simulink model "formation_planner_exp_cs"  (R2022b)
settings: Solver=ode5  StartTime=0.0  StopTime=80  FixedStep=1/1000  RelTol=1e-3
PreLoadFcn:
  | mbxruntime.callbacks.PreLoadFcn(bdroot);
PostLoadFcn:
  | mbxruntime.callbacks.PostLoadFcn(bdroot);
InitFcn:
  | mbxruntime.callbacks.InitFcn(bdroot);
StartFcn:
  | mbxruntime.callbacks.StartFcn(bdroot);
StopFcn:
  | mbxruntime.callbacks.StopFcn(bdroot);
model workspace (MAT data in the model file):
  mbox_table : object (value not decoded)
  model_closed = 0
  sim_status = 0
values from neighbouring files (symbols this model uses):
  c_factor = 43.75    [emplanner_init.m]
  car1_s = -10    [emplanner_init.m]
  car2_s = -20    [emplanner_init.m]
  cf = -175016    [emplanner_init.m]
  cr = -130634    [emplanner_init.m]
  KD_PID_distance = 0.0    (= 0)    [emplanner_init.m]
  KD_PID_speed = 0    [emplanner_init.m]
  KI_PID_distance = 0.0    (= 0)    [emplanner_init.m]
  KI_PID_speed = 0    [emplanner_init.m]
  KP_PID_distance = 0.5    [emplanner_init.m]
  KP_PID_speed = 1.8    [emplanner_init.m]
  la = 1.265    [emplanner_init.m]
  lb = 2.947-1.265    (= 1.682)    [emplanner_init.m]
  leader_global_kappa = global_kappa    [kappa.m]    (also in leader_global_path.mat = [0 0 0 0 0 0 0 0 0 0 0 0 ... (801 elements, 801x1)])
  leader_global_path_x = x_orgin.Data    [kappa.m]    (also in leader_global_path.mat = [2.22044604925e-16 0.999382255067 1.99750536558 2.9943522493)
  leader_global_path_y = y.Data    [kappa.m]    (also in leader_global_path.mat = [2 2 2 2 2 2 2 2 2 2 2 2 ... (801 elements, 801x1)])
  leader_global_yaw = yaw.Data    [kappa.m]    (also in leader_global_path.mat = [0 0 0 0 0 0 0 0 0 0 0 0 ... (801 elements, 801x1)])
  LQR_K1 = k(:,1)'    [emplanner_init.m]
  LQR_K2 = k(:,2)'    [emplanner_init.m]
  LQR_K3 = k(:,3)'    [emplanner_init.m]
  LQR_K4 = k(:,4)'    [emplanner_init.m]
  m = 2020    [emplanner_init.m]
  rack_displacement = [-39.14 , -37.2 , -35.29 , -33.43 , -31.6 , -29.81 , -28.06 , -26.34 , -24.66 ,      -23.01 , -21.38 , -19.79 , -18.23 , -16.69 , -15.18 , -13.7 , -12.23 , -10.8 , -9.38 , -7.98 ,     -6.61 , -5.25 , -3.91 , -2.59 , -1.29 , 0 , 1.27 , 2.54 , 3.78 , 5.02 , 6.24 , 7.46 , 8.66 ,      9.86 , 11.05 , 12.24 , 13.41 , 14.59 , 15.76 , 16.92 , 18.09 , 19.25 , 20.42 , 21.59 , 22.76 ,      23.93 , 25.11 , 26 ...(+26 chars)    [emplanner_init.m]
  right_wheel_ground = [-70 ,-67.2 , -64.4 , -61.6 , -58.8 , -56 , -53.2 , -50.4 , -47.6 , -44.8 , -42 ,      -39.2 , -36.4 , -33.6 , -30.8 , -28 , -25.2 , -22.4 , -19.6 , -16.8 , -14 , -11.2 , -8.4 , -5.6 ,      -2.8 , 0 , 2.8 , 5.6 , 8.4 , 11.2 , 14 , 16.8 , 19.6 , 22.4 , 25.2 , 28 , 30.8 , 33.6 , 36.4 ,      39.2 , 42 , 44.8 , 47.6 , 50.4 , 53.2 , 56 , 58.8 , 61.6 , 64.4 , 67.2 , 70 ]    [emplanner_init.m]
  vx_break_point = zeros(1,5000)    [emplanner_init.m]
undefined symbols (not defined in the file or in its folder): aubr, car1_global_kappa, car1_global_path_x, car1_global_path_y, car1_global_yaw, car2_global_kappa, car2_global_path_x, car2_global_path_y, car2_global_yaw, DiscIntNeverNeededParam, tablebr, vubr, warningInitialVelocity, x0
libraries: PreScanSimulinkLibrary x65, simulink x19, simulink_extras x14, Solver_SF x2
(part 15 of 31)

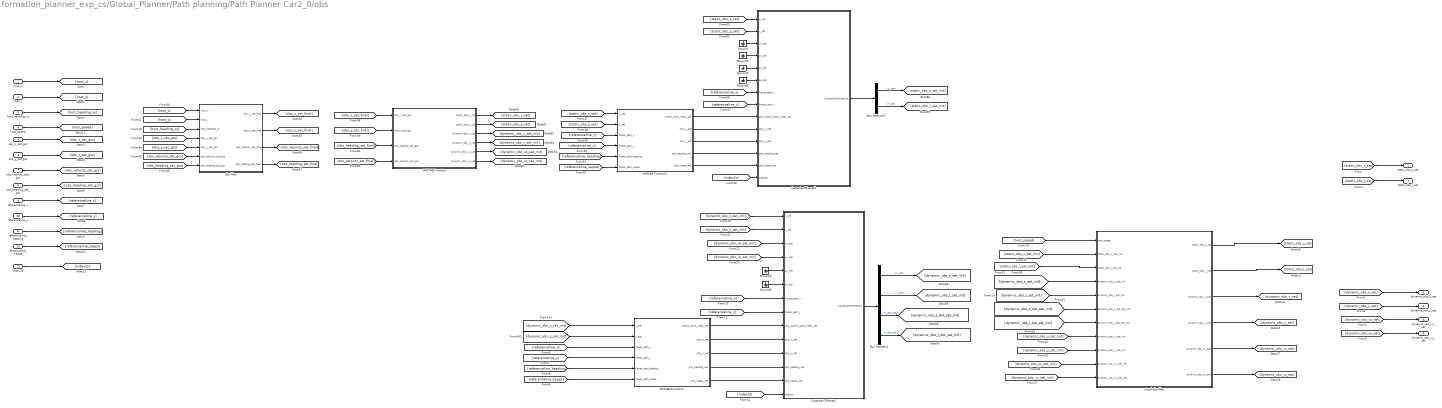
== system formation_planner_exp_cs/Global_Planner/Path planning/Path Planner Car2_0/obs ==
  host_x : Inport
  host_y : Inport  Port=2
  host_heading_xy : Inport  Port=3
  host_speed : Inport  Port=4
  obs_x_set_gcs : Inport  Port=5
  obs_y_set_gcs : Inport  Port=6
  obs_velocity_set_gcs : Inport  Port=7
  obs_heading_set_gcs : Inport  Port=8
  referenceline_x : Inport  Port=9
  referenceline_y : Inport  Port=10
  referenceline_heading : Inport  Port=11
  referenceline_kappa : Inport  Port=12
  index2s : Inport  Port=13
  Bus Selector1 : BusSelector  OutputSignals=s_set,l_set,s_dot_set,l_dot_set
  Bus Selector5 : BusSelector  OutputSignals=s_set,l_set
  Cartesian2Frenet1 : Subsystem
  Cartesian2Frenet2 : Subsystem
  Ground{,1..5} (6 alike) : Ground
  MATLAB Function : MATLAB Function  TreatAsAtomicUnit=on
  MATLAB Function1 : MATLAB Function  TreatAsAtomicUnit=on
  MATLAB Function2 : MATLAB Function  TreatAsAtomicUnit=on
  obs filter : MATLAB Function  TreatAsAtomicUnit=on
  visual obs filter : MATLAB Function  TreatAsAtomicUnit=on
  static_obs_s_set : Outport
  static_obs_l_set : Outport  Port=2
  dynamic_obs_x_set : Outport  Port=3
  dynamic_obs_y_set : Outport  Port=4
  dynamic_obs_vx_set : Outport  Port=5
  dynamic_obs_vy_set : Outport  Port=6
  wires:
  Ground3/1 -> Cartesian2Frenet1/6(ay_set)
  [obs_x_set_gcs] -> obs filter/4(obs_x_set_gcs)
  [index2s] -> Cartesian2Frenet1/14(index2s)
  [referenceline_y] -> Cartesian2Frenet1/8(frenet_path_y)
  MATLAB Function2/5(proj_kappa_set) -> Cartesian2Frenet1/13(proj_kappa_set)
  MATLAB Function2/4(proj_heading_set) -> Cartesian2Frenet1/12(proj_heading_set)
  [referenceline_x] -> MATLAB Function2/3(frenet_path_x)
  Ground2/1 -> Cartesian2Frenet1/5(ax_set)
  obs filter/1(obs_x_set_final) -> [obs_x_set_final]
  obs filter/4(obs_heading_set_final) -> [obs_heading_set_final]
  [host_heading_xy] -> obs filter/3(host_heading_xy)
  MATLAB Function/5(dynamic_obs_vx_set) -> [dynamic_obs_vx_set_init]
  [obs_y_set_final] -> MATLAB Function/2(obs_y_set_gcs)
  MATLAB Function/6(dynamic_obs_vy_set) -> [dynamic_obs_vy_set_init]
  [referenceline_y] -> MATLAB Function2/4(frenet_path_y)
  obs filter/3(obs_velocity_set_final) -> [obs_velocity_set_final]
  MATLAB Function/1(static_obs_x_set) -> [static_obs_x_set]
  [obs_heading_set_gcs] -> obs filter/7(obs_heading_set_gcs)
  [referenceline_kappa] -> MATLAB Function2/6(frenet_path_kappa)
  [static_obs_x_set] -> Cartesian2Frenet1/1(x_set)
  [static_obs_y_set] -> MATLAB Function2/2(y_set)
  [referenceline_x] -> Cartesian2Frenet1/7(frenet_path_x)
  Ground1/1 -> Cartesian2Frenet1/4(vy_set)
  [obs_x_set_final] -> MATLAB Function/1(obs_x_set_gcs)
  [obs_velocity_set_gcs] -> obs filter/6(obs_velocity_set_gcs)
  [host_y] -> obs filter/2(host_y)
  Bus Selector5/2 -> [static_obs_l_set_init]  "<l_set>"
  [referenceline_heading] -> MATLAB Function2/5(frenet_path_heading)
  obs filter/2(obs_y_set_final) -> [obs_y_set_final]
  Bus Selector5/1 -> [static_obs_s_set_init]  "<s_set>"
  MATLAB Function/3(dynamic_obs_x_set) -> [dynamic_obs_x_set_init]
  MATLAB Function2/2(proj_x_set) -> Cartesian2Frenet1/10(proj_x_set)
  Ground/1 -> Cartesian2Frenet1/3(vx_set)
  MATLAB Function2/3(proj_y_set) -> Cartesian2Frenet1/11(proj_y_set)
  MATLAB Function/4(dynamic_obs_y_set) -> [dynamic_obs_y_set_init]
  MATLAB Function2/1(match_point_index_set) -> Cartesian2Frenet1/9(proj_match_point_index_set)
  [host_x] -> obs filter/1(host_x)
  [obs_y_set_gcs] -> obs filter/5(obs_y_set_gcs)
  Cartesian2Frenet1/1(Cartesian2FrenetOut) -> Bus Selector5/1
  [static_obs_x_set] -> MATLAB Function2/1(x_set)
  MATLAB Function/2(static_obs_y_set) -> [static_obs_y_set]
  [static_obs_y_set] -> Cartesian2Frenet1/2(y_set)
  host_x/1 -> [host_x]
  host_y/1 -> [host_y]
  host_heading_xy/1 -> [host_heading_xy]
  obs_x_set_gcs/1 -> [obs_x_set_gcs]
  obs_y_set_gcs/1 -> [obs_y_set_gcs]
  obs_velocity_set_gcs/1 -> [obs_velocity_set_gcs]
  obs_heading_set_gcs/1 -> [obs_heading_set_gcs]
  referenceline_x/1 -> [referenceline_x]
  referenceline_y/1 -> [referenceline_y]
  referenceline_heading/1 -> [referenceline_heading]
  referenceline_kappa/1 -> [referenceline_kappa]
  index2s/1 -> [index2s]
  [static_obs_s_set] -> static_obs_s_set/1
  [static_obs_l_set] -> static_obs_l_set/1
  [dynamic_obs_vy_set] -> dynamic_obs_vy_set/1
  [dynamic_obs_vx_set] -> dynamic_obs_vx_set/1
  [dynamic_obs_y_set] -> dynamic_obs_y_set/1
  [dynamic_obs_x_set] -> dynamic_obs_x_set/1
  [obs_velocity_set_final] -> MATLAB Function/4(obs_velocity_set_gcs)
  [obs_heading_set_final] -> MATLAB Function/3(obs_heading_set_gcs)
  [referenceline_x] -> Cartesian2Frenet2/7(frenet_path_x)
  Bus Selector1/1 -> [dynamic_obs_s_set_init]  "<s_set>"
  Ground4/1 -> Cartesian2Frenet2/5(ax_set)
  MATLAB Function1/2(proj_x_set) -> Cartesian2Frenet2/10(proj_x_set)
  Bus Selector1/2 -> [dynamic_obs_l_set_init]  "<l_set>"
  [dynamic_obs_vx_set_init] -> Cartesian2Frenet2/3(vx_set)
  [dynamic_obs_y_set_init] -> MATLAB Function1/2(y_set)
  Bus Selector1/4 -> [dynamic_obs_l_dot_set_init]  "<l_dot_set>"
  [referenceline_kappa] -> MATLAB Function1/6(frenet_path_kappa)
  Cartesian2Frenet2/1(Cartesian2FrenetOut) -> Bus Selector1/1
  MATLAB Function1/3(proj_y_set) -> Cartesian2Frenet2/11(proj_y_set)
  [index2s] -> Cartesian2Frenet2/14(index2s)
  MATLAB Function1/1(match_point_index_set) -> Cartesian2Frenet2/9(proj_match_point_index_set)
  [referenceline_heading] -> MATLAB Function1/5(frenet_path_heading)
  [dynamic_obs_y_set_init] -> Cartesian2Frenet2/2(y_set)
  [dynamic_obs_vy_set_init] -> Cartesian2Frenet2/4(vy_set)
  [referenceline_y] -> Cartesian2Frenet2/8(frenet_path_y)
  [referenceline_y] -> MATLAB Function1/4(frenet_path_y)
  [dynamic_obs_x_set_init] -> MATLAB Function1/1(x_set)
  Bus Selector1/3 -> [dynamic_obs_s_dot_set_init]  "<s_dot_set>"
  MATLAB Function1/4(proj_heading_set) -> Cartesian2Frenet2/12(proj_heading_set)
  Ground5/1 -> Cartesian2Frenet2/6(ay_set)
  [dynamic_obs_x_set_init] -> Cartesian2Frenet2/1(x_set)
  MATLAB Function1/5(proj_kappa_set) -> Cartesian2Frenet2/13(proj_kappa_set)
  [referenceline_x] -> MATLAB Function1/3(frenet_path_x)
  [dynamic_obs_s_dot_set_init] -> visual obs filter/6(dynamic_obs_s_dot_set_init)
  [dynamic_obs_l_dot_set_init] -> visual obs filter/7(dynamic_obs_l_dot_set_init)
  [dynamic_obs_s_set_init] -> visual obs filter/4(dynamic_obs_s_set_init)
  [dynamic_obs_l_set_init] -> visual obs filter/5(dynamic_obs_l_set_init)
  [static_obs_s_set_init] -> visual obs filter/2(static_obs_s_set_init)
  [static_obs_l_set_init] -> visual obs filter/3(static_obs_l_set_init)
  host_speed/1 -> [host_speed]
  [host_speed] -> visual obs filter/1(host_speed)
  visual obs filter/6(dynamic_obs_vy_set) -> [dynamic_obs_vy_set]
  visual obs filter/5(dynamic_obs_vx_set) -> [dynamic_obs_vx_set]
  visual obs filter/4(dynamic_obs_y_set) -> [dynamic_obs_y_set]
  visual obs filter/1(static_obs_s_set) -> [static_obs_s_set]
  visual obs filter/2(static_obs_l_set) -> [static_obs_l_set]
  visual obs filter/3(dynamic_obs_x_set) -> [dynamic_obs_x_set]
  [dynamic_obs_x_set_init] -> visual obs filter/8(dynamic_obs_x_set_init)
  [dynamic_obs_y_set_init] -> visual obs filter/9(dynamic_obs_y_set_init)
  [dynamic_obs_vx_set_init] -> visual obs filter/10(dynamic_obs_vx_set_init)
  [dynamic_obs_vy_set_init] -> visual obs filter/11(dynamic_obs_vy_set_init)

== system formation_planner_exp_cs/Global_Planner/Path planning/Path Planner Car2_0/path decision task ==
  static_obs_s_set : Inport
  static_obs_l_set : Inport  Port=2
  plan_start_s : Inport  Port=3
  plan_start_l : Inport  Port=4
  plan_start_dl : Inport  Port=5
  plan_start_ddl : Inport  Port=6
  dp_cost_collision : Inport  Port=7
  dp_cost_dl : Inport  Port=8
  dp_cost_ddl : Inport  Port=9
  dp_cost_dddl : Inport  Port=10
  dp_cost_ref : Inport  Port=11
  dp_row : Inport  Port=12
  dp_col : Inport  Port=13
  dp_sample_s : Inport  Port=14
  dp_sample_l : Inport  Port=15
  increase DP path nodes : MATLAB Function  TreatAsAtomicUnit=on
  path decision with dynamic planning(dp) : MATLAB Function  TreatAsAtomicUnit=on
  dp_path_s_final : Outport
  dp_path_l_final : Outport  Port=2
  dp_path_dl_final : Outport  Port=3
  dp_path_ddl_final : Outport  Port=4
  wires:
  [plan_start_s] -> path decision with dynamic planning(dp)/3(plan_start_s)
  path decision with dynamic planning(dp)/1(dp_path_s) -> [dp_path_s_init]
  increase DP path nodes/2(dp_path_l_final) -> [dp_path_l_final]
  [static_obs_l_set] -> path decision with dynamic planning(dp)/2(obs_l_set)
  [plan_start_ddl] -> path decision with dynamic planning(dp)/6(plan_start_dll)
  [plan_start_l] -> path decision with dynamic planning(dp)/4(plan_start_l)
  [static_obs_s_set] -> path decision with dynamic planning(dp)/1(obs_s_set)
  [plan_start_dl] -> increase DP path nodes/5(plan_start_dl)
  increase DP path nodes/4(dp_path_ddl_final) -> [dp_path_ddl_final]
  increase DP path nodes/1(dp_path_s_final) -> [dp_path_s_final]
  increase DP path nodes/3(dp_path_dl_final) -> [dp_path_dl_final]
  path decision with dynamic planning(dp)/2(dp_path_l) -> [dp_path_l_init]
  [plan_start_l] -> increase DP path nodes/4(plan_start_l)
  [plan_start_ddl] -> increase DP path nodes/6(plan_start_ddl)
  [plan_start_dl] -> path decision with dynamic planning(dp)/5(plan_start_dl)
  [plan_start_s] -> increase DP path nodes/3(plan_start_s)
  [dp_path_l_init] -> increase DP path nodes/2(dp_path_l_init)
  [dp_path_s_init] -> increase DP path nodes/1(dp_path_s_init)
  static_obs_s_set/1 -> [static_obs_s_set]
  static_obs_l_set/1 -> [static_obs_l_set]
  plan_start_s/1 -> [plan_start_s]
  plan_start_l/1 -> [plan_start_l]
  plan_start_dl/1 -> [plan_start_dl]
  plan_start_ddl/1 -> [plan_start_ddl]
  [dp_path_s_final] -> dp_path_s_final/1
  [dp_path_l_final] -> dp_path_l_final/1
  [dp_path_dl_final] -> dp_path_dl_final/1
  [dp_path_ddl_final] -> dp_path_ddl_final/1
  [dp_cost_collision] -> path decision with dynamic planning(dp)/7(w_cost_collision)
  [dp_cost_dl] -> path decision with dynamic planning(dp)/8(w_cost_smooth_dl)
  [dp_cost_ddl] -> path decision with dynamic planning(dp)/9(w_cost_smooth_ddl)
  [dp_cost_dddl] -> path decision with dynamic planning(dp)/10(w_cost_smooth_dddl)
  [dp_cost_ref] -> path decision with dynamic planning(dp)/11(w_cost_ref)
  [dp_row] -> path decision with dynamic planning(dp)/12(row)
  [dp_col] -> path decision with dynamic planning(dp)/13(col)
  [dp_sample_s] -> path decision with dynamic planning(dp)/14(sample_s)
  [dp_sample_l] -> path decision with dynamic planning(dp)/15(sample_l)
  dp_cost_dl/1 -> [dp_cost_dl]
  dp_cost_ddl/1 -> [dp_cost_ddl]
  dp_cost_dddl/1 -> [dp_cost_dddl]
  dp_cost_ref/1 -> [dp_cost_ref]
  dp_row/1 -> [dp_row]
  dp_col/1 -> [dp_col]
  dp_sample_l/1 -> [dp_sample_l]
  dp_sample_s/1 -> [dp_sample_s]
  dp_cost_collision/1 -> [dp_cost_collision]

== system formation_planner_exp_cs/Global_Planner/Path planning/Path Planner Car2_0/path planning task ==
  dp_path_s_final : Inport
  dp_path_l_final : Inport  Port=2
  static_obs_s_set : Inport  Port=3
  static_obs_l_set : Inport  Port=4
  plan_start_s : Inport  Port=5
  plan_start_l : Inport  Port=6
  plan_start_dl : Inport  Port=7
  plan_start_ddl : Inport  Port=8
  qp_cost_l : Inport  Port=9
  qp_cost_dl : Inport  Port=10
  qp_cost_ddl : Inport  Port=11
  qp_cost_dddl : Inport  Port=12
  qp_cost_centre : Inport  Port=13
  qp_cost_endl : Inport  Port=14
  qp_cost_end_dl : Inport  Port=15
  qp_cost_end_ddl : Inport  Port=16
  host_d1 : Inport  Port=17
  host_d2 : Inport  Port=18
  host_w : Inport  Port=19
  delta_dl_max : Inport  Port=20
  delta_ddl_max : Inport  Port=21
  Constant10 : Constant  Value=5
  Constant11 : Constant  Value=3
  MATLAB Function : MATLAB Function  TreatAsAtomicUnit=on
  generate convex space : MATLAB Function  TreatAsAtomicUnit=on
  path planning with quadratic programming (qp) : MATLAB Function  TreatAsAtomicUnit=on
  qp_path_s_final : Outport
  qp_path_l_final : Outport  Port=2
  qp_path_dl_final : Outport  Port=3
  qp_path_ddl_final : Outport  Port=4
  wires:
  generate convex space/2(l_max) -> [l_max]
  Constant11/1 -> generate convex space/6(static_obs_width)
  Constant10/1 -> generate convex space/5(static_obs_length)
  [static_obs_l_set] -> generate convex space/4(static_obs_l_set)
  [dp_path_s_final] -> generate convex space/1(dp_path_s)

» Problem to work on
Pull out each line of the records holding the string "callbacks".

» Reply
  | mbxruntime.callbacks.PreLoadFcn(bdroot);
  | mbxruntime.callbacks.PostLoadFcn(bdroot);
  | mbxruntime.callbacks.InitFcn(bdroot);
  | mbxruntime.callbacks.StartFcn(bdroot);
  | mbxruntime.callbacks.StopFcn(bdroot);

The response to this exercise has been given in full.